Contact: Morgan D. Dewey, (801) 712-7969,

$17 Million State Investment in Free School Meals Improves Well-being of 114,000 Oregon Students Facing Hunger

Champions of free school meals applaud legislative milestone, urge sustained funding to ensure long-term success

SALEM, OR — Three of every four Oregon schools will be able to offer free breakfast and lunch to all students thanks to new funding approved by the legislative Ways and Means Committee this week. Leveraging landmark changes to a key federal nutrition program, the $17 million state investment will help as many as 200 additional schools offer free breakfast and lunch to all students. As passed in the Oregon Department of Education budget, the expansion will begin in the 2024-2025 academic year.

"This is an important step in the right direction to give schools the resources they need to offer nutritious meals to more students," said Representative Courtney Neron (D - Wilsonville), an educator and Chief Sponsor of the bill. "I believe we must continue to stabilize school districts who rely on these dollars to fund student meals and advocate for full funding of the Hunger Free Schools Account so we can do our part to eliminate childhood hunger in Oregon."

Bolstered by widespread public support nationwide for free school meals, the United States Department of Agriculture (USDA) announced a celebrated proposal in March to make nearly all schools eligible to participate in the Community Eligibility Program (CEP). Oregon’s $17 million investment offsets varying federal reimbursement rates that have long barred too many Oregon schools from participating in critical efforts to reduce child hunger.

“This is an important step forward and we are hopeful that our state will continue to expand access and funding for free school meals to all students,” shares Reed Scott-Schwalbach, Oregon Education Association President. “Hunger should not be a barrier to student success.”

The availability of sufficient nourishing food significantly influences a child’s ability to perform academically — with impact on earning potential well into adulthood — especially for low-income students. Oregon was once a national leader in expanding access to free school meals through the 2019 Student Success Act, but now trails California, Colorado, Maine, Minnesota and New Mexico, which all ensure universal access to school meals.

“Expanding access to school meals for Oregon children is a crucial step for kids and families. Access to universal school meals eliminates stigma and shame, and we know that universal access to school meals reduces illnesses, as well as anxiety and depression,” shared Dr. Alanna Braun, Portland-based pediatrician and Immediate Past President of Oregon Pediatric Society. “Oregon children deserve to be healthy.”
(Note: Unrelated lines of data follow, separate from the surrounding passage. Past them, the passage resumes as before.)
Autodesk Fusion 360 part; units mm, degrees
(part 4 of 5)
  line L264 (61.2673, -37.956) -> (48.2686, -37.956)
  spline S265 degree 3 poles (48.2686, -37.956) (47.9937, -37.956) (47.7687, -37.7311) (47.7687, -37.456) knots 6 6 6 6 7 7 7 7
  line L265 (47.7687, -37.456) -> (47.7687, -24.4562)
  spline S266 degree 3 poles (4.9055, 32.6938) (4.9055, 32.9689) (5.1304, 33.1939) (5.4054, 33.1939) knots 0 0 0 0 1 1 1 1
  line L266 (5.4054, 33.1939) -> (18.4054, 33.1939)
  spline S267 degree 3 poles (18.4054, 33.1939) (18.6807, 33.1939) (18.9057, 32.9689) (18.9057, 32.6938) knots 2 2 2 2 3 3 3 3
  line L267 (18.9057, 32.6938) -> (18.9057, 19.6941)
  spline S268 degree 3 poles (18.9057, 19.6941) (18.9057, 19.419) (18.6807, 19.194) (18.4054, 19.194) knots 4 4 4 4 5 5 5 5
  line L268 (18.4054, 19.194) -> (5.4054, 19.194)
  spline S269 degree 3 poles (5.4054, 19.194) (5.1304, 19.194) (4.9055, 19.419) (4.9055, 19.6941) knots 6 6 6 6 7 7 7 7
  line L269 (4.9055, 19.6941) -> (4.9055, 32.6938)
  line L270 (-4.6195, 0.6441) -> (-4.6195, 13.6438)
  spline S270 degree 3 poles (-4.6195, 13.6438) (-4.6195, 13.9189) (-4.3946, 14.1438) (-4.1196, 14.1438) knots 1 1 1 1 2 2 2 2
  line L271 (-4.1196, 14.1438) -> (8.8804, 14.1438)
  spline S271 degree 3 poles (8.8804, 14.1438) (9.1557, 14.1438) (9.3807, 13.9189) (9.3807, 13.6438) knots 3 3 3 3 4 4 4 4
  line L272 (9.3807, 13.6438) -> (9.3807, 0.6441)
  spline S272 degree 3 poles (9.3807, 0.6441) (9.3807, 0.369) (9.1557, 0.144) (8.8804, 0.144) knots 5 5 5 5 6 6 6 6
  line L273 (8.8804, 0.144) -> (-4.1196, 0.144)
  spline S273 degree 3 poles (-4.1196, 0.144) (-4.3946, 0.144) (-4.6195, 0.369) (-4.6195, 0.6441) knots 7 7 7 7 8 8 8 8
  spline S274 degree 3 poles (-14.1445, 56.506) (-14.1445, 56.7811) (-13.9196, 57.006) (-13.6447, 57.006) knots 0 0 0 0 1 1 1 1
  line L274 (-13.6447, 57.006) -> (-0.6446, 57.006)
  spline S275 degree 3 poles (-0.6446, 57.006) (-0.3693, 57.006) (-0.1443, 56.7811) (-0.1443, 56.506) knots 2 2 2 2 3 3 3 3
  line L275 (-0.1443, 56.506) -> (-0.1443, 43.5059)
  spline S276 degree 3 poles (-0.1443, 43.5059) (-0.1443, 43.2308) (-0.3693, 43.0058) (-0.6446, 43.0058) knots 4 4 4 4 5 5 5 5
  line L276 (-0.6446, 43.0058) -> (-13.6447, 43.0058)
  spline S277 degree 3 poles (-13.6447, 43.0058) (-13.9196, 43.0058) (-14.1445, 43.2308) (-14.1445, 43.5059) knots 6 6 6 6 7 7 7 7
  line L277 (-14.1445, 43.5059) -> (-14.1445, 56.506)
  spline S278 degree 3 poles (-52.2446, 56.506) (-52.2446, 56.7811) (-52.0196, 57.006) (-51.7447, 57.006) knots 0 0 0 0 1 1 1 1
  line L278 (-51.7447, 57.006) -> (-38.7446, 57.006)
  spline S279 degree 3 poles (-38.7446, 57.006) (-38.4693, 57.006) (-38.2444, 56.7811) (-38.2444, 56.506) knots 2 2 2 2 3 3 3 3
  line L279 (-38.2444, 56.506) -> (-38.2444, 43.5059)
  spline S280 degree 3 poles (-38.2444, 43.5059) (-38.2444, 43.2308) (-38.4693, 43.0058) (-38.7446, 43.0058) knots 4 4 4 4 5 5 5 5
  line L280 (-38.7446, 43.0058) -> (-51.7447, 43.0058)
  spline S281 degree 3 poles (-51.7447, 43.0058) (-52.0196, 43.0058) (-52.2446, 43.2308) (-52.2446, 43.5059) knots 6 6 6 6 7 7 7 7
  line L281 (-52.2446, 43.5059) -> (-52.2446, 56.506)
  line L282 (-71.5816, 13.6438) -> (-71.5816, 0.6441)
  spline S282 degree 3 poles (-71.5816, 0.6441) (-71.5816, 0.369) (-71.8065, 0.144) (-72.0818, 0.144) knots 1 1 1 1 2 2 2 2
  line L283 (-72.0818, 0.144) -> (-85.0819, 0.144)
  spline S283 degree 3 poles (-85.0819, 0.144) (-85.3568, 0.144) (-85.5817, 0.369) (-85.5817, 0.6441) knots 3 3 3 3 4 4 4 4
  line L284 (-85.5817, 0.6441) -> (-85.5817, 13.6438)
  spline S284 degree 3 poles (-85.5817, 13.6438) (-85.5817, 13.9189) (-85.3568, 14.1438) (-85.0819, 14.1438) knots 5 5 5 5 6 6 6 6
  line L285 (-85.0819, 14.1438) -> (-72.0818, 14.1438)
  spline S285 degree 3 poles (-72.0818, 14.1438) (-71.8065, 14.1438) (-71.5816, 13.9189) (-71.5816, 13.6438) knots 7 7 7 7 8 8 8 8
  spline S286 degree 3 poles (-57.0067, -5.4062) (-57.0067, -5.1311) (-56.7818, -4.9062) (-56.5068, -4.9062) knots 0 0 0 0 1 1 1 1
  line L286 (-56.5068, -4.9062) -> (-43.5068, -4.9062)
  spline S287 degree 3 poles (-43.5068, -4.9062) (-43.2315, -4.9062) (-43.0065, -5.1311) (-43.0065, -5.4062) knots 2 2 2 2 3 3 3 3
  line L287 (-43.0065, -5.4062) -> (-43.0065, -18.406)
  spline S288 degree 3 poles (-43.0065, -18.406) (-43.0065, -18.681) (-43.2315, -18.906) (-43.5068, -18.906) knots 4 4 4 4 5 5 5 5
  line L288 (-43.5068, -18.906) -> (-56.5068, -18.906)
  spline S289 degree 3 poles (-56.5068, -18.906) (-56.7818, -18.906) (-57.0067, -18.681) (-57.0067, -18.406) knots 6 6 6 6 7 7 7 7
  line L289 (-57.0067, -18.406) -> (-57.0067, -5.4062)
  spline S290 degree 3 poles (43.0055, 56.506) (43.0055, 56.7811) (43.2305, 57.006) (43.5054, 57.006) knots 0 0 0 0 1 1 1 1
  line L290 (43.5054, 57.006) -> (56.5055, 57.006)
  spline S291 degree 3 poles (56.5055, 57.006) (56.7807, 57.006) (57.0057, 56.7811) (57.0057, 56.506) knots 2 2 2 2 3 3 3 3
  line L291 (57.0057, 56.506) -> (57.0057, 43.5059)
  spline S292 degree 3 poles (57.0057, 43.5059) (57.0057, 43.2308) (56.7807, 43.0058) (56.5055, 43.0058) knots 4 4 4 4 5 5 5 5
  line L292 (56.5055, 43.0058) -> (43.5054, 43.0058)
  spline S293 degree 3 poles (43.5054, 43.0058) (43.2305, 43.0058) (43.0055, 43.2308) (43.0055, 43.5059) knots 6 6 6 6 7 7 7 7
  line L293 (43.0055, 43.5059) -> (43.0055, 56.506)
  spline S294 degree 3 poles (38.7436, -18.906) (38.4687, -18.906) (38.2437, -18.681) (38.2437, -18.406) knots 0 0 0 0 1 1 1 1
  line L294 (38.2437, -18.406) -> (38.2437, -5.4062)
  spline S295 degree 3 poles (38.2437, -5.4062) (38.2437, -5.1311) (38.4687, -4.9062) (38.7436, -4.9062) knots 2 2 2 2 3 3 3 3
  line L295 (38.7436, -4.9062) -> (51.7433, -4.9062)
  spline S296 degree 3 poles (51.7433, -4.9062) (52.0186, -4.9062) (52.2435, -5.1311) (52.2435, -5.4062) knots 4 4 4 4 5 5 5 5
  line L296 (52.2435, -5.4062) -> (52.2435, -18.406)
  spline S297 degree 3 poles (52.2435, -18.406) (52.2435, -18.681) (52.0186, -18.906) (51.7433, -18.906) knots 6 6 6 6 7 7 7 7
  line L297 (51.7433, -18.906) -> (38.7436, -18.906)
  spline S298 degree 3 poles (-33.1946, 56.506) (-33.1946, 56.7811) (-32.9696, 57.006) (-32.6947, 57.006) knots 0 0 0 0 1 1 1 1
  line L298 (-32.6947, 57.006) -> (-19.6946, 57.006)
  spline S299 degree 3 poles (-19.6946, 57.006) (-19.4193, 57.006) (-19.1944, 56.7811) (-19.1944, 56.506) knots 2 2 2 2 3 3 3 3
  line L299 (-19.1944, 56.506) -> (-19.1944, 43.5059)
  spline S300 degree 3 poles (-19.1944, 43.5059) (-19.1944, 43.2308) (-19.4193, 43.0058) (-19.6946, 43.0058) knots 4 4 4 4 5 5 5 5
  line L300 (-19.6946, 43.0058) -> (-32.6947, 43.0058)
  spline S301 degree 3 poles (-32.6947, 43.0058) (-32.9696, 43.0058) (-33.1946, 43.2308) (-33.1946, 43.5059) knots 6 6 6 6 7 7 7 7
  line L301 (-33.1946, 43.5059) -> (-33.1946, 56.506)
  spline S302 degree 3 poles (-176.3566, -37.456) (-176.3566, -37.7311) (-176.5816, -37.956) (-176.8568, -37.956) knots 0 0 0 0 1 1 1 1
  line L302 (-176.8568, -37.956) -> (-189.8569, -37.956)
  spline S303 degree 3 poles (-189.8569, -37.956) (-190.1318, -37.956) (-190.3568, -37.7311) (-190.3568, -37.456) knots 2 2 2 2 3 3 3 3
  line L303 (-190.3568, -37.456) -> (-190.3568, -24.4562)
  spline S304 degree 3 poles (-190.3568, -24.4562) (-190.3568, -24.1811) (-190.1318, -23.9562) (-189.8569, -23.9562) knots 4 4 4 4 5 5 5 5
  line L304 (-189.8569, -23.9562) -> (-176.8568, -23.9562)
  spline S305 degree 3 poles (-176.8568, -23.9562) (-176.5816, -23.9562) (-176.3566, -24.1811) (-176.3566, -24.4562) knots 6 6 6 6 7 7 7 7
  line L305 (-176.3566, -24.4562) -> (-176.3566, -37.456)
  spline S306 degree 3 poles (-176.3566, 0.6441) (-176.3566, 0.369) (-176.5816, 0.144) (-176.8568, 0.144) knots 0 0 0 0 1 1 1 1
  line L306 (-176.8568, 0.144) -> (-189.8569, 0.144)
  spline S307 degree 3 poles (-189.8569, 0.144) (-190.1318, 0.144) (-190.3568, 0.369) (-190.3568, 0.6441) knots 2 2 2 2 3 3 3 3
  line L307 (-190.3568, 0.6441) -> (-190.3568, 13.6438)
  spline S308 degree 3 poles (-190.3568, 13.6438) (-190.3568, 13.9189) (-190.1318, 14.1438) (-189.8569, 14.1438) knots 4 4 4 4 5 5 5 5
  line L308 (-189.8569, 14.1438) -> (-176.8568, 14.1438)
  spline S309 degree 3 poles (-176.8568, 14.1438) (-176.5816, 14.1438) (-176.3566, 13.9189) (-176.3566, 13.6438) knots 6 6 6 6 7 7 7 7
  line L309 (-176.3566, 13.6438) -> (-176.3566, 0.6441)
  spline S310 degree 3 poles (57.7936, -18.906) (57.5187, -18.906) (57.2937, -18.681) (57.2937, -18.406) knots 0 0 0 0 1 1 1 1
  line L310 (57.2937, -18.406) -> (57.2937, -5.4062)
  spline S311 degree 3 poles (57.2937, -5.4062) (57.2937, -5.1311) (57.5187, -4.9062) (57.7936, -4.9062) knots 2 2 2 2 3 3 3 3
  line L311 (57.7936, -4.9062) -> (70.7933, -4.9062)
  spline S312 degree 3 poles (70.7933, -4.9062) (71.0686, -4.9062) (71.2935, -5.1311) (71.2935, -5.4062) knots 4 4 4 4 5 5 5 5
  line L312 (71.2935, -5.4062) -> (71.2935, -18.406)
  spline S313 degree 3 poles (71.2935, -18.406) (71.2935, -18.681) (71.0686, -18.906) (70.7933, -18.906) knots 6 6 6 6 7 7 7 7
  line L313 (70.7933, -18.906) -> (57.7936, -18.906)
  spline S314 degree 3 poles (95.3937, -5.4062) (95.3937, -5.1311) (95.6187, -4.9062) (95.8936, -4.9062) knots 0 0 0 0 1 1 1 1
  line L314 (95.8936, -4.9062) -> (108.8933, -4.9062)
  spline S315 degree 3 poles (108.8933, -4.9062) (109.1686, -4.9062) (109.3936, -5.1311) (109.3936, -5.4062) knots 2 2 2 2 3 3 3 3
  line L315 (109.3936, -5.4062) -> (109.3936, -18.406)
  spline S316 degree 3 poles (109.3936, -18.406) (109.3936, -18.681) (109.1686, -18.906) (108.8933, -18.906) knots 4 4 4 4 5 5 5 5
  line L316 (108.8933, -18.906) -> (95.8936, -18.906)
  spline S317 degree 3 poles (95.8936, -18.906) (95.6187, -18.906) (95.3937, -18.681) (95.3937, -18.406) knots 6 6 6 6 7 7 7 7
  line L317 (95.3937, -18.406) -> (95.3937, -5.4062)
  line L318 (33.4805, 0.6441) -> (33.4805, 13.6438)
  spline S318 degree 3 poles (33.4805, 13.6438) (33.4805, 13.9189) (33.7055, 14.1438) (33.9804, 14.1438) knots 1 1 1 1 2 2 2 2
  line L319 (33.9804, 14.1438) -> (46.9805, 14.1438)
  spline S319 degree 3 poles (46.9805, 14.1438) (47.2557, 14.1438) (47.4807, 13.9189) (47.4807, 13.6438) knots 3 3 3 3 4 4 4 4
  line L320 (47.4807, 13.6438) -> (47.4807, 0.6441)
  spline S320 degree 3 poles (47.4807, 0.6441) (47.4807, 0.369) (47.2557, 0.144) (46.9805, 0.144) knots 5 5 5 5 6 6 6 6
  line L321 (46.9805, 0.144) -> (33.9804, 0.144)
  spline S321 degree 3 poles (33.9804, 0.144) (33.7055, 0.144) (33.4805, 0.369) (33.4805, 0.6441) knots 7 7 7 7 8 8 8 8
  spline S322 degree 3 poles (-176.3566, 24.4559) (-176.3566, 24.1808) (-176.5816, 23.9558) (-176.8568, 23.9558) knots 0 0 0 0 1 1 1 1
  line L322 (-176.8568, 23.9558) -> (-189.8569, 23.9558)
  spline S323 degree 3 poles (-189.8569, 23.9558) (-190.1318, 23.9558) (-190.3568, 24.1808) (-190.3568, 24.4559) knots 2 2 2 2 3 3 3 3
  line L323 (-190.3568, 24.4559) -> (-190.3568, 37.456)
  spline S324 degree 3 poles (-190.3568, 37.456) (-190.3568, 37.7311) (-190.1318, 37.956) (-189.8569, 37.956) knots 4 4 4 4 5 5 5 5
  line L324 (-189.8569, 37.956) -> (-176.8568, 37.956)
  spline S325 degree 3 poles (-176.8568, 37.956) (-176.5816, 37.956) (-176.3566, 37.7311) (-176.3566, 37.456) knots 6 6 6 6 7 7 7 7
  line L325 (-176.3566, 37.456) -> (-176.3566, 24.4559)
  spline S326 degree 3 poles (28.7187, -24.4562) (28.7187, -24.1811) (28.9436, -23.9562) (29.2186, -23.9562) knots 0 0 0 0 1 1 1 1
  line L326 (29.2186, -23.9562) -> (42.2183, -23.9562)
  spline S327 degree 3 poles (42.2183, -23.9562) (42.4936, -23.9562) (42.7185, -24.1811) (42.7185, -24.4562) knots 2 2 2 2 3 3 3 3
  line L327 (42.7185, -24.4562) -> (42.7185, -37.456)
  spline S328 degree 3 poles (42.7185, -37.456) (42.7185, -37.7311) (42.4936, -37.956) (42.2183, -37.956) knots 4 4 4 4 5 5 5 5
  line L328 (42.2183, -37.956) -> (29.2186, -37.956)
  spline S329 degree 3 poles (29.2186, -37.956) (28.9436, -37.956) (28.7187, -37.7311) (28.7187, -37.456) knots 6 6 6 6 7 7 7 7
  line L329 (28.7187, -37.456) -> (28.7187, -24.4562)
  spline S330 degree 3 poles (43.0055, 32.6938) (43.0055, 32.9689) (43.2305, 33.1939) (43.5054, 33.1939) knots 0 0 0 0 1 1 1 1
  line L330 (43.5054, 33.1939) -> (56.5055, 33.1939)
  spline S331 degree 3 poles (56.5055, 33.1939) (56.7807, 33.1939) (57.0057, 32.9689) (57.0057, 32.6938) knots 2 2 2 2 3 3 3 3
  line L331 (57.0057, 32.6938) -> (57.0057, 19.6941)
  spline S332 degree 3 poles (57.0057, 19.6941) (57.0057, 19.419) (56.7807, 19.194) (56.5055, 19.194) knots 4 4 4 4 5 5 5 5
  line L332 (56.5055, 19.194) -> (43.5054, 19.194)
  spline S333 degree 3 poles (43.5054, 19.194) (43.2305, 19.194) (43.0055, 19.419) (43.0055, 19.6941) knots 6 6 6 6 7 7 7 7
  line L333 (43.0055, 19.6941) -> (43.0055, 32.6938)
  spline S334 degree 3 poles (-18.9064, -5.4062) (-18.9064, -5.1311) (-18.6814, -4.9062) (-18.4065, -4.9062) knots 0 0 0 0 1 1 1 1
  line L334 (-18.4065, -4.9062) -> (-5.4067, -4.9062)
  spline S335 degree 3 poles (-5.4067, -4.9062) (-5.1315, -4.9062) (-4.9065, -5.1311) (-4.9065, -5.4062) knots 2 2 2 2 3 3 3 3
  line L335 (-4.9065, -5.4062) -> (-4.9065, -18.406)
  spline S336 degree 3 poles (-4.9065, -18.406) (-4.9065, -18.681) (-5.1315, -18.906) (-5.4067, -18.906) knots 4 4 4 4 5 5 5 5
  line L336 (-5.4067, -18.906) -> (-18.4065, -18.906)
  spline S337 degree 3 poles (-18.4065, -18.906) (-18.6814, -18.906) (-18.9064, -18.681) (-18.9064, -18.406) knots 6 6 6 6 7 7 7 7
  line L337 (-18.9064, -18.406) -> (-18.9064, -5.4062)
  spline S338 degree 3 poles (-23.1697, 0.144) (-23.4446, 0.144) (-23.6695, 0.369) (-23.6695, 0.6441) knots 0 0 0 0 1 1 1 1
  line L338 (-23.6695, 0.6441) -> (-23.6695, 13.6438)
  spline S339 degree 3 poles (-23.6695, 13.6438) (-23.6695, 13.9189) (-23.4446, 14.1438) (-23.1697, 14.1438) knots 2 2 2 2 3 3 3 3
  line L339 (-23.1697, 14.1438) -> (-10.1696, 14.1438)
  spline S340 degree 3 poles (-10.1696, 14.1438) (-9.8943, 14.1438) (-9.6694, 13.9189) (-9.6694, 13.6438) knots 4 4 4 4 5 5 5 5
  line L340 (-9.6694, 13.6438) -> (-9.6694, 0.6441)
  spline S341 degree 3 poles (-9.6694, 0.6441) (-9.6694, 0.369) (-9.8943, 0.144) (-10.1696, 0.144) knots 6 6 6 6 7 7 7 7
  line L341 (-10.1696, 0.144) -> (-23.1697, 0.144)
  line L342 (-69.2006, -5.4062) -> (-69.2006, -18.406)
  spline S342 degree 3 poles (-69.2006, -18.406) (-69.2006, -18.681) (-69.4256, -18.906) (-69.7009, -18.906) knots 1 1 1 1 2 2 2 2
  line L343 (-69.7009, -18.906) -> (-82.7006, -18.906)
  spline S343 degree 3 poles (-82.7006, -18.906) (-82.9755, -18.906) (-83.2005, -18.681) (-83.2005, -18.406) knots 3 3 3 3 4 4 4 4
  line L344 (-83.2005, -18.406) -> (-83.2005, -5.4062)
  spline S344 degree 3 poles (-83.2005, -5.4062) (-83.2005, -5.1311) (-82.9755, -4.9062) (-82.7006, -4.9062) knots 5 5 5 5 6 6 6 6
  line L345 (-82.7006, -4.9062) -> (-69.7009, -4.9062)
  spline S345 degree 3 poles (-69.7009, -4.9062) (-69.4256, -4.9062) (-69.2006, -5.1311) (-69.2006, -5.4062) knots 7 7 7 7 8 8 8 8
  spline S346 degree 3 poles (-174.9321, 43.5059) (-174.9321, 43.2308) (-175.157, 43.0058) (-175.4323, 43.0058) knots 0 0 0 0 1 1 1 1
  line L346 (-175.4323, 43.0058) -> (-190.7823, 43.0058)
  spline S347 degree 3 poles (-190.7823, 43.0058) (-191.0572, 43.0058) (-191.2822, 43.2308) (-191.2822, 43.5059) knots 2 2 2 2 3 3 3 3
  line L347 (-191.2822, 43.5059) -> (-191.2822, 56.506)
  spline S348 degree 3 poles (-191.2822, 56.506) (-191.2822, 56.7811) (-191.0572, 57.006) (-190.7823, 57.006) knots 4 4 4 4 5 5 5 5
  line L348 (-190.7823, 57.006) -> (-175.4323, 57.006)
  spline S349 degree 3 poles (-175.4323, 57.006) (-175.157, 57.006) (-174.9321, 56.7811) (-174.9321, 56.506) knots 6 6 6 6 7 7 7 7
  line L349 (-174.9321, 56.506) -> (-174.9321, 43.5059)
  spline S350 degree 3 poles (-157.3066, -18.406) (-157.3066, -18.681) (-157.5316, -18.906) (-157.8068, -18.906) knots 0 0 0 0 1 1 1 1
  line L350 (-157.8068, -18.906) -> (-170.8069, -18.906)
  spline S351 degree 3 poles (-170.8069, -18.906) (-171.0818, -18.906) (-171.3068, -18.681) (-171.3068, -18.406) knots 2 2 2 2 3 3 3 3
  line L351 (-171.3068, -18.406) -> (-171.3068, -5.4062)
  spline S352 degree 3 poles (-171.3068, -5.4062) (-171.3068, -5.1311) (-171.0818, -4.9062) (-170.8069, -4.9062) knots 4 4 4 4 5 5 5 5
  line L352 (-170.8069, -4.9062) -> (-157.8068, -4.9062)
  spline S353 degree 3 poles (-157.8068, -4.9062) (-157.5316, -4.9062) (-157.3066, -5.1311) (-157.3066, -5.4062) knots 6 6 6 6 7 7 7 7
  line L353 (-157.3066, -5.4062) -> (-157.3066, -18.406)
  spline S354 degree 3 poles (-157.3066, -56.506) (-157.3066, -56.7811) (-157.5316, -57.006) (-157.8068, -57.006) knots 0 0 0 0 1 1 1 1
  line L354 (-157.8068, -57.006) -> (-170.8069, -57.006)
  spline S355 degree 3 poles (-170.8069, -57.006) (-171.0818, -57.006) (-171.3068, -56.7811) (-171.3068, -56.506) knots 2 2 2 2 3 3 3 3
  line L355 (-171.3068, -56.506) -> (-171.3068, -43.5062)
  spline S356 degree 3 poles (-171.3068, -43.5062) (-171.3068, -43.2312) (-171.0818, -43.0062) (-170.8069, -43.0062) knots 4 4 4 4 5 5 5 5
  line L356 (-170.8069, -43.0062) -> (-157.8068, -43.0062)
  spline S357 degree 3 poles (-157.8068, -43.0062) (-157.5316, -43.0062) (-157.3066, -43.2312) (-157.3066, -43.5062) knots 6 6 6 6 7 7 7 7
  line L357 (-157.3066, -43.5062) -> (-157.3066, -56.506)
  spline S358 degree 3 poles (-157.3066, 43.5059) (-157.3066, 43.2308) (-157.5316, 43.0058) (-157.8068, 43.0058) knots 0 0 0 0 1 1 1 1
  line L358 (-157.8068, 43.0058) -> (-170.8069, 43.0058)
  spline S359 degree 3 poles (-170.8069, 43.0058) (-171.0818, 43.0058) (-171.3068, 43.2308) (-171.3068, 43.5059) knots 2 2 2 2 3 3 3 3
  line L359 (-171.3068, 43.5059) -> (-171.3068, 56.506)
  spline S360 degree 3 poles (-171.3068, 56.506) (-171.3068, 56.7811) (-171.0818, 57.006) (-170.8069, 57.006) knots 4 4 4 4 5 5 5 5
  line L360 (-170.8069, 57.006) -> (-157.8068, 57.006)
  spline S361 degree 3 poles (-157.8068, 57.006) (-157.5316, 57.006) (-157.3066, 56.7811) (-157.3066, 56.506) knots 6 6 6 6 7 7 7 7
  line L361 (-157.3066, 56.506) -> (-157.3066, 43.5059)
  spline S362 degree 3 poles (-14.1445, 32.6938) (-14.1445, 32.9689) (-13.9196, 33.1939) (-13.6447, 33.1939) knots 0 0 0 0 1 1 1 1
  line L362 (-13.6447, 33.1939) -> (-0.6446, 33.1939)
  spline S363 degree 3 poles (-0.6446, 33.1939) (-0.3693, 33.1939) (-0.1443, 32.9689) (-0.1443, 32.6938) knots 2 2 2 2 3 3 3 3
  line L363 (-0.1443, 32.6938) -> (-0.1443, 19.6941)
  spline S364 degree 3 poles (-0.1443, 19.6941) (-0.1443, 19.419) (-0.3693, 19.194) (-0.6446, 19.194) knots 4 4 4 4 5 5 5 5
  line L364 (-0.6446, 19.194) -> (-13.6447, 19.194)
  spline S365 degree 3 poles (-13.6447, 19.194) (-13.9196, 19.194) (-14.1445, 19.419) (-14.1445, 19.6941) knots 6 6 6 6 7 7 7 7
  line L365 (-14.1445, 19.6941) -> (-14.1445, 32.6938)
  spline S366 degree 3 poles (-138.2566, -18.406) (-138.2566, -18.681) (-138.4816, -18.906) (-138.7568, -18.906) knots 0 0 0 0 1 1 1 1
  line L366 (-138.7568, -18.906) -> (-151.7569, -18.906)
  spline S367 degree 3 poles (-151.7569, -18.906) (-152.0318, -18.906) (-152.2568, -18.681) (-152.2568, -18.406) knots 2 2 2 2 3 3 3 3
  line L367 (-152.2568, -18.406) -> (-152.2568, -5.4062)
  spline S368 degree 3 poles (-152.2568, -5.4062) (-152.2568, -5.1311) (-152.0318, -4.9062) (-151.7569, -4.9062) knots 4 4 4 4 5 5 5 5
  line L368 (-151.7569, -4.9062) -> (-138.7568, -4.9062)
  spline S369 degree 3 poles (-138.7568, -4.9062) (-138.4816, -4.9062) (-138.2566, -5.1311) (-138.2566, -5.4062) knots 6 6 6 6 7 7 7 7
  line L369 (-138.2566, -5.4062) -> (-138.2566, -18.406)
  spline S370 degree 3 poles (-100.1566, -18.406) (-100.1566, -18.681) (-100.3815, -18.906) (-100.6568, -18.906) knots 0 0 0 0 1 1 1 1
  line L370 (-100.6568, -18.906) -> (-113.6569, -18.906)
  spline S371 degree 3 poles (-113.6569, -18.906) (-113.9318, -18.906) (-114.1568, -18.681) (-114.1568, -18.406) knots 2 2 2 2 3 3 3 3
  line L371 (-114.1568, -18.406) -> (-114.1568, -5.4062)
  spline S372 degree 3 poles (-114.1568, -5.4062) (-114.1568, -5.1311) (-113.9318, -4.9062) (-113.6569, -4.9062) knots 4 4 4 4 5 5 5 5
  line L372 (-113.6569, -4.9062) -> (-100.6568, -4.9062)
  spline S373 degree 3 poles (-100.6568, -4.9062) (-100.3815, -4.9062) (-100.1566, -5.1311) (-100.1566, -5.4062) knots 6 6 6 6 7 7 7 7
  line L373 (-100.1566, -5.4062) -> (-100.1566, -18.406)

  • Representative Ben Bowman | "I am thrilled by the step forward we are taking this session, and we still have further to go to ensure every student in Oregon has access to healthy meals at school.” said Representative Ben Bowman. “We will continue to fight for state and federal investment into universal school meal programs because we know how important they are to student success."

  • School Nutrition Association | “Although there is still a lot of progress to be made, we appreciate the hard work of our legislators for helping us get a step closer to feeding all Oregon students healthy school meals at no charge,” shared Debby Webster, President.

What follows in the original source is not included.